What is needed: Write out every line exactly, from the start of the records below to the line with "In Bus Element : Inport", and stop there. Don't write out the pictures.

Material for this exercise:
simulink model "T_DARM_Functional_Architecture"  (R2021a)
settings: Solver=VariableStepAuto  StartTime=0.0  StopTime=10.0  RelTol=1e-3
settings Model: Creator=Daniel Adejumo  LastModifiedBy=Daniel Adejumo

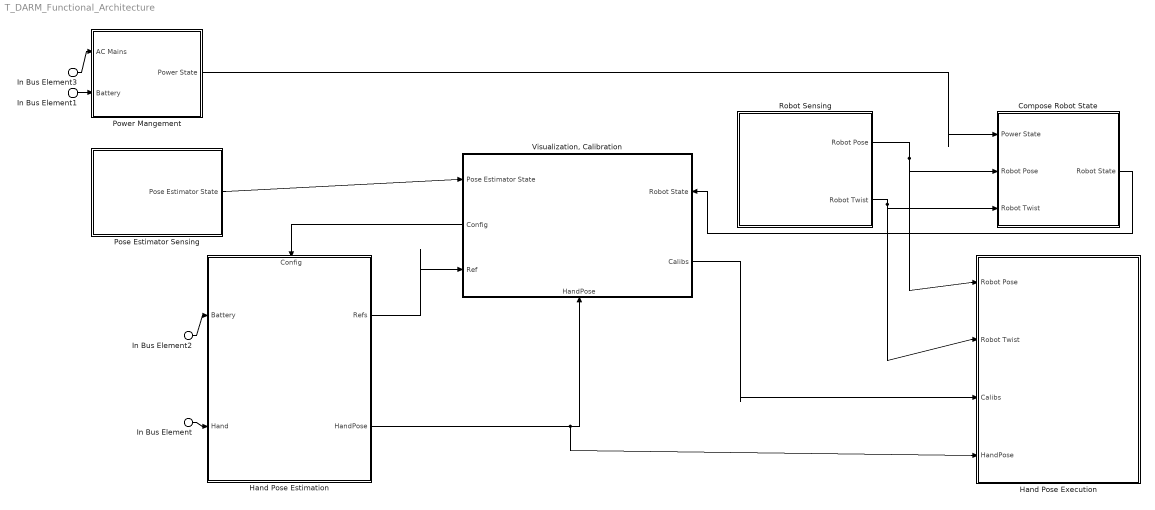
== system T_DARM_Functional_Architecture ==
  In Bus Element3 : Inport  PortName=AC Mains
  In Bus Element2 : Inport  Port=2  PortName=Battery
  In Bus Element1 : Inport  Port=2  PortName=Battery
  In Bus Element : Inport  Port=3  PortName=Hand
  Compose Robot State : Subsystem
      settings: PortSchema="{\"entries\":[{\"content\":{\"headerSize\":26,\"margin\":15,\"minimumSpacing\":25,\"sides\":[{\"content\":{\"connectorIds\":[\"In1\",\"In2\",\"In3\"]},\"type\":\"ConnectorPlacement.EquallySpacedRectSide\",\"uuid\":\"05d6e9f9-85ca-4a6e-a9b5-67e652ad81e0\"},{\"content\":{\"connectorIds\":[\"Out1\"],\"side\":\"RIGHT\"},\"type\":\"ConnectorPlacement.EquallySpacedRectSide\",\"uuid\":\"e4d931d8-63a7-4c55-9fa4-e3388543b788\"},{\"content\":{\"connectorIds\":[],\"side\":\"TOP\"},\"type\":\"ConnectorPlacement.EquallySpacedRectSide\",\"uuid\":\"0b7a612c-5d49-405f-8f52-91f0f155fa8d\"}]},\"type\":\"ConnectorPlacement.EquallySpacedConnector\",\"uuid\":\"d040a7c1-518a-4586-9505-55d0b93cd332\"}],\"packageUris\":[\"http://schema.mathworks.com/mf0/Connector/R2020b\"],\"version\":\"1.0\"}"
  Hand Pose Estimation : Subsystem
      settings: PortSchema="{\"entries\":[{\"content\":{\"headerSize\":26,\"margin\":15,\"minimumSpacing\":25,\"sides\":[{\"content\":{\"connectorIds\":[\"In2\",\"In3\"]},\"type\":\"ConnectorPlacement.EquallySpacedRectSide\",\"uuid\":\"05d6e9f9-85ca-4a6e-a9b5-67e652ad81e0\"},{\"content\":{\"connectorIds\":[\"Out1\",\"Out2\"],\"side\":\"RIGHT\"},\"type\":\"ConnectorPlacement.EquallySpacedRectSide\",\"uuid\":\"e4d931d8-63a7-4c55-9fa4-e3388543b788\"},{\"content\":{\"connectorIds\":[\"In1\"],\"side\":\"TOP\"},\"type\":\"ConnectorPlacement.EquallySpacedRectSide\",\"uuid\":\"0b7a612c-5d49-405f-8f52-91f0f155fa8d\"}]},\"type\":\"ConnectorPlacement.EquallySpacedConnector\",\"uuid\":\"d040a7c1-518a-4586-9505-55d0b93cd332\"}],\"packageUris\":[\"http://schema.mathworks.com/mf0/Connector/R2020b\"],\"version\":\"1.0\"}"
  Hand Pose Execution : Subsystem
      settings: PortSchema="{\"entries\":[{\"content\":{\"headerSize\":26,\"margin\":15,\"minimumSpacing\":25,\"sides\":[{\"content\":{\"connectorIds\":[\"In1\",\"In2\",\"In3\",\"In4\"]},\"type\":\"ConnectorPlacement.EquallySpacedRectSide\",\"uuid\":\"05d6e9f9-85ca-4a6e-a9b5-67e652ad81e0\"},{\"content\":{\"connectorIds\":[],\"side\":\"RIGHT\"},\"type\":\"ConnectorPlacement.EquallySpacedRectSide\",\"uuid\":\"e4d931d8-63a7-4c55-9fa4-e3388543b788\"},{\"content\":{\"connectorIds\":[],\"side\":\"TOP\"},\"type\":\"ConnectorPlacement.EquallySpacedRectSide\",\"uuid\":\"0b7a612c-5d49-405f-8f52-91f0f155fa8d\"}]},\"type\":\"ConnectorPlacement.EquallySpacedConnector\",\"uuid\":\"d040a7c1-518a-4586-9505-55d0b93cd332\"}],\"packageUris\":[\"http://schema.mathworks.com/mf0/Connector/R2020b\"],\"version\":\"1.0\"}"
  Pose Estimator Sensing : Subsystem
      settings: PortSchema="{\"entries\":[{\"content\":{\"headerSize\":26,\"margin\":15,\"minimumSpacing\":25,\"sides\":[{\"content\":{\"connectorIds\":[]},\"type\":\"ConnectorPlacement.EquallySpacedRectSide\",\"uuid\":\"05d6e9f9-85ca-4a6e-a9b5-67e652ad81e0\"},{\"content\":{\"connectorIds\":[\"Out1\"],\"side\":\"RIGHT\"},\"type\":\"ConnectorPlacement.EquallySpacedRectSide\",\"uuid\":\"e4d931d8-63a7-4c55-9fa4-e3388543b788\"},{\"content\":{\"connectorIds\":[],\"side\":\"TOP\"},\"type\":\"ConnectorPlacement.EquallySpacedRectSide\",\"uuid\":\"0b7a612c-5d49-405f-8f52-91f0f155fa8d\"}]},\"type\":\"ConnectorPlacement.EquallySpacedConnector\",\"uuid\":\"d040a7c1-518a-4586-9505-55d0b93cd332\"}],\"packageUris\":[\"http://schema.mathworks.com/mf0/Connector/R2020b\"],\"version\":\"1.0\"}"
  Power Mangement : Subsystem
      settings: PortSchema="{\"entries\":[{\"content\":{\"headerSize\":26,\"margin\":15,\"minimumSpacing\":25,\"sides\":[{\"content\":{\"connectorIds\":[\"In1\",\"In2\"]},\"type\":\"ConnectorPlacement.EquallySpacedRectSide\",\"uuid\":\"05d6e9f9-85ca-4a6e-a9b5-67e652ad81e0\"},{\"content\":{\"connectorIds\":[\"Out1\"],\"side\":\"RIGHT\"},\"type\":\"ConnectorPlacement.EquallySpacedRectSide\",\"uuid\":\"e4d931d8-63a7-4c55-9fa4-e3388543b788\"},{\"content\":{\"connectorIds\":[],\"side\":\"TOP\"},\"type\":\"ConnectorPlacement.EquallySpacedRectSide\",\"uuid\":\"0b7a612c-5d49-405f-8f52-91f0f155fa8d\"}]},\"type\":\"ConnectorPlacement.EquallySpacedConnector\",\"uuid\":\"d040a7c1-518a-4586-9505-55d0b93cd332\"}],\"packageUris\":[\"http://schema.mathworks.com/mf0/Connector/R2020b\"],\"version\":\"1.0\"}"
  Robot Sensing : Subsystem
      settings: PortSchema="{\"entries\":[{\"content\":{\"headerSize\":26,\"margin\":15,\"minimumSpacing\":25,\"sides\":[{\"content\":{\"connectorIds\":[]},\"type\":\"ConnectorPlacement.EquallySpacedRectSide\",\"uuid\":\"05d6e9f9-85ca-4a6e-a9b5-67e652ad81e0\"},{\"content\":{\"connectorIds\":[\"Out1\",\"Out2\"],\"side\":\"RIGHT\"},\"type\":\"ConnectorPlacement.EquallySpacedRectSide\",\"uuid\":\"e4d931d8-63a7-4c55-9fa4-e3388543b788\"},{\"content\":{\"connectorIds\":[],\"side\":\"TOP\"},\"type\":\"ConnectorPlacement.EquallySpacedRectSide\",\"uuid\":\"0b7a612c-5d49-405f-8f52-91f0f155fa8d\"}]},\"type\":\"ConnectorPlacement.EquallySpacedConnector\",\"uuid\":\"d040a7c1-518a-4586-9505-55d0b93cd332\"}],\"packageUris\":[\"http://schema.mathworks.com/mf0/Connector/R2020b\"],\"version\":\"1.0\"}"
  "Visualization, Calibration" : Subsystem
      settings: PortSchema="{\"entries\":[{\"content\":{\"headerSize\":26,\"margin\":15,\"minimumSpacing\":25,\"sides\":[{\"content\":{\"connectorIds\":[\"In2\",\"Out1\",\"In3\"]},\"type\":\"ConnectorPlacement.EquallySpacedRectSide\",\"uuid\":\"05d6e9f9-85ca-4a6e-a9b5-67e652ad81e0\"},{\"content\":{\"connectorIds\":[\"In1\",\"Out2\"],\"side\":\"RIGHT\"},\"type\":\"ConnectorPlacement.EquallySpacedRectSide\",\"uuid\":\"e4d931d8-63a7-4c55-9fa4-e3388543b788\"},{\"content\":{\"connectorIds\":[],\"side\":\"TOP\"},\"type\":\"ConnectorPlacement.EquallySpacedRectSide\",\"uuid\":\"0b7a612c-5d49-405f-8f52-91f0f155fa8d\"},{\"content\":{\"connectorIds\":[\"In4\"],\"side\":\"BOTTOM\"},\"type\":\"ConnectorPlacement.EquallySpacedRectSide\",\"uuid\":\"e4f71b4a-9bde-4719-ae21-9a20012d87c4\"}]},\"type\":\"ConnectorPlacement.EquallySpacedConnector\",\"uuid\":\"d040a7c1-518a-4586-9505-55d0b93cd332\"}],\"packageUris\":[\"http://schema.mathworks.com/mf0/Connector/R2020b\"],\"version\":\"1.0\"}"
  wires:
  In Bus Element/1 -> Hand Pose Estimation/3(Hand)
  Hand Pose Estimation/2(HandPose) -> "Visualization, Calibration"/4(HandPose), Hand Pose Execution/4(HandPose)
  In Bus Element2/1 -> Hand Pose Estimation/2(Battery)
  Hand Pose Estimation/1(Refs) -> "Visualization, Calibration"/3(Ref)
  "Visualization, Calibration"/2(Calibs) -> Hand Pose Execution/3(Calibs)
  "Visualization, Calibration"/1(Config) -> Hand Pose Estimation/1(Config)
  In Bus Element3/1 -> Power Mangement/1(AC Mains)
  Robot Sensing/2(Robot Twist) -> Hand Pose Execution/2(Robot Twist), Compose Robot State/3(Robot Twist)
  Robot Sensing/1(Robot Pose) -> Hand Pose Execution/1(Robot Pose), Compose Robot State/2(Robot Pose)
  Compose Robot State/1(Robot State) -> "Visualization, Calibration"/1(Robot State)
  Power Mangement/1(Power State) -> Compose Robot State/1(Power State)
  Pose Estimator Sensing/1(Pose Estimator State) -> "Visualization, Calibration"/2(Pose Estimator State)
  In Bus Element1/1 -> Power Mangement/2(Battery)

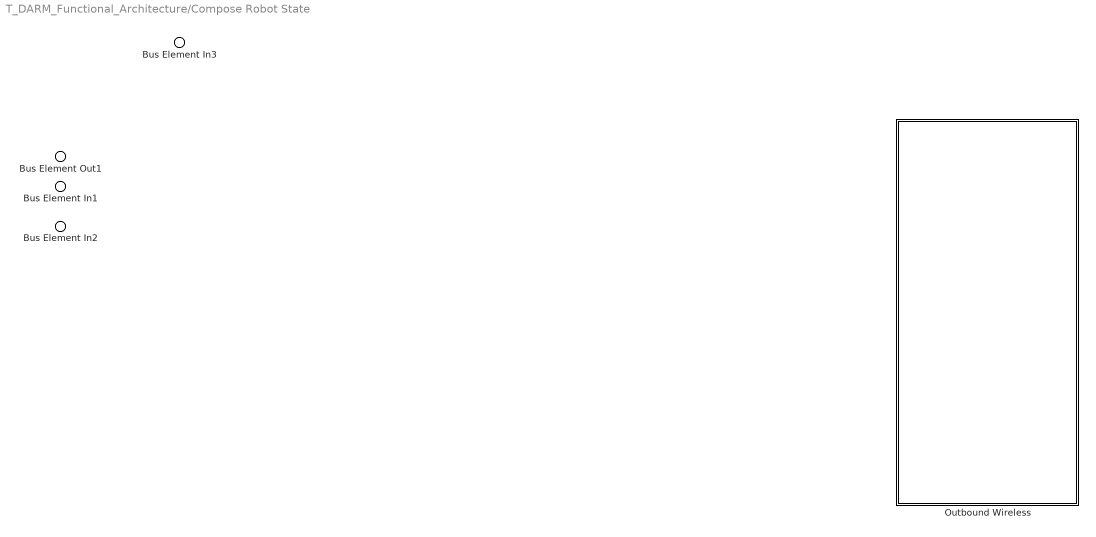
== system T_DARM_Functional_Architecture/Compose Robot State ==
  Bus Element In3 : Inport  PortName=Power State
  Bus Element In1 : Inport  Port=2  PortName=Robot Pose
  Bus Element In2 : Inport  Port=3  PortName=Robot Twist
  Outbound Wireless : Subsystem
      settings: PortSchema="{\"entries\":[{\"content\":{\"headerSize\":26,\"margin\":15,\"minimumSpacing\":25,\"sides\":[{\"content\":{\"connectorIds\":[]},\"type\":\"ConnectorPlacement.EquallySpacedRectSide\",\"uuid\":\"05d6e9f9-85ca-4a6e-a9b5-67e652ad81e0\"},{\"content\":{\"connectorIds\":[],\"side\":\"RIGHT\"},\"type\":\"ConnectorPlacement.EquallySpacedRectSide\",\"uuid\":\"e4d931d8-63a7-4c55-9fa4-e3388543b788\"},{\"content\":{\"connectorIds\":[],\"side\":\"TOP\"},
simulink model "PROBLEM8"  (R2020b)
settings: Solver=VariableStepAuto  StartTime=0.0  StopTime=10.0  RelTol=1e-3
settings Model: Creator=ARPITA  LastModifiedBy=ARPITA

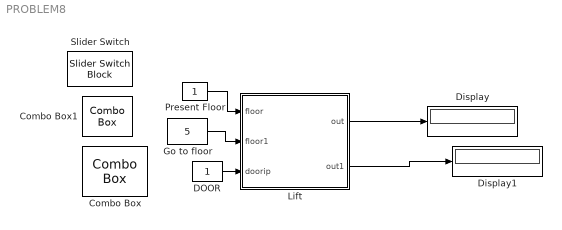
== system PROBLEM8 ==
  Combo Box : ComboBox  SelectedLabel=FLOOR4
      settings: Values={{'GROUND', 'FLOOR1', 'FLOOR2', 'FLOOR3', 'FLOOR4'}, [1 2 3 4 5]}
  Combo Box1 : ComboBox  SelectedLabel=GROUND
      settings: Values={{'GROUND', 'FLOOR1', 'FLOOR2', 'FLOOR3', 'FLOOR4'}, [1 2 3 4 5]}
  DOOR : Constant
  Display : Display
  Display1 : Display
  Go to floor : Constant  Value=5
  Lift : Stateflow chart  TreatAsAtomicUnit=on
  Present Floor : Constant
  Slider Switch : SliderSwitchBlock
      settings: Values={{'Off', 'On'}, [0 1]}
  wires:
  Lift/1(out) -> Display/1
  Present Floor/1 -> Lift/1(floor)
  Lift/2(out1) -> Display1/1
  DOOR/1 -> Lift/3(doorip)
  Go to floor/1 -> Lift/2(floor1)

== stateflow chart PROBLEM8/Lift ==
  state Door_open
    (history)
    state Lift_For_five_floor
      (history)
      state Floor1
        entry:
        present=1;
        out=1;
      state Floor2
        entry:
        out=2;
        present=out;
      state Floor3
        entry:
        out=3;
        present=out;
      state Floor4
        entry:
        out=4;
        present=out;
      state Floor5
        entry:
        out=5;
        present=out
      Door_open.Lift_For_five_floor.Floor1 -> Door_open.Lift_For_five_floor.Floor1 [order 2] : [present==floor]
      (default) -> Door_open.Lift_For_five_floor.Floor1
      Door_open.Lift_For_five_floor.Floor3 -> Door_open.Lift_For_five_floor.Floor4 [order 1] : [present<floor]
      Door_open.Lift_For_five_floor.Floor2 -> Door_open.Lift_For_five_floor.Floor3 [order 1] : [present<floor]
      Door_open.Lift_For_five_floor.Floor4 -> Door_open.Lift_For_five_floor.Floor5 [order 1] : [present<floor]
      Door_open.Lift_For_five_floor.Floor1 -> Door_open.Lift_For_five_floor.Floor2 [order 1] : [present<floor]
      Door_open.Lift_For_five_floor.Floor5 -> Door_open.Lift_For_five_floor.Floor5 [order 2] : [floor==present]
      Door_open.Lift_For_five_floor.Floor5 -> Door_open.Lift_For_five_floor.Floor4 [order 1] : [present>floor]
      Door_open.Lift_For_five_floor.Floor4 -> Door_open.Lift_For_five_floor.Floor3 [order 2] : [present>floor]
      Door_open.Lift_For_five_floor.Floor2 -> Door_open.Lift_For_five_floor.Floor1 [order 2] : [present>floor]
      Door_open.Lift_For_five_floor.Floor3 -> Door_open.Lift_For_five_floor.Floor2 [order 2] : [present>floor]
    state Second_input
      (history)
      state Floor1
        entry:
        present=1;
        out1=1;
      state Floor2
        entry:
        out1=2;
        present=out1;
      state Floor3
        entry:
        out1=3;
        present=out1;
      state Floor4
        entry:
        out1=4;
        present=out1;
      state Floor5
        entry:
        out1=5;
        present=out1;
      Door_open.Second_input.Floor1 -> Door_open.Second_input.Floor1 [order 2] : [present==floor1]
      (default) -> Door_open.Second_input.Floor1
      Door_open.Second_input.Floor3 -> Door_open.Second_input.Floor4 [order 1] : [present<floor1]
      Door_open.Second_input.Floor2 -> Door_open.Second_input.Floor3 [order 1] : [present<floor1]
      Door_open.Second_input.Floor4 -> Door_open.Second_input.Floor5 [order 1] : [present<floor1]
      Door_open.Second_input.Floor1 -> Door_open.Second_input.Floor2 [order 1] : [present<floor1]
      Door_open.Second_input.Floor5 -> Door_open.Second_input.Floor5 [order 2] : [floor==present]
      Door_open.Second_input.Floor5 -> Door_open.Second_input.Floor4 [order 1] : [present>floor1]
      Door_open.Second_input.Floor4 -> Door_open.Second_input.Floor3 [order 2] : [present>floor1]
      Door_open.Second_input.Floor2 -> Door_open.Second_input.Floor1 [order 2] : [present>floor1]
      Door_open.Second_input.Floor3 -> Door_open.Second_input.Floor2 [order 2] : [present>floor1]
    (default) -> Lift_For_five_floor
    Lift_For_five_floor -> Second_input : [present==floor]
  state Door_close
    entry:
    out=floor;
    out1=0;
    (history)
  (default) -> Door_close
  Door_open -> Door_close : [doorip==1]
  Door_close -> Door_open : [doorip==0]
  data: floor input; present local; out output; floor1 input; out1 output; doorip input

Response area:
simulink model "T_DARM_Functional_Architecture"  (R2021a)
settings: Solver=VariableStepAuto  StartTime=0.0  StopTime=10.0  RelTol=1e-3
settings Model: Creator=Daniel Adejumo  LastModifiedBy=Daniel Adejumo

== system T_DARM_Functional_Architecture ==
  In Bus Element3 : Inport  PortName=AC Mains
  In Bus Element2 : Inport  Port=2  PortName=Battery
  In Bus Element1 : Inport  Port=2  PortName=Battery
  In Bus Element : Inport  Port=3  PortName=Hand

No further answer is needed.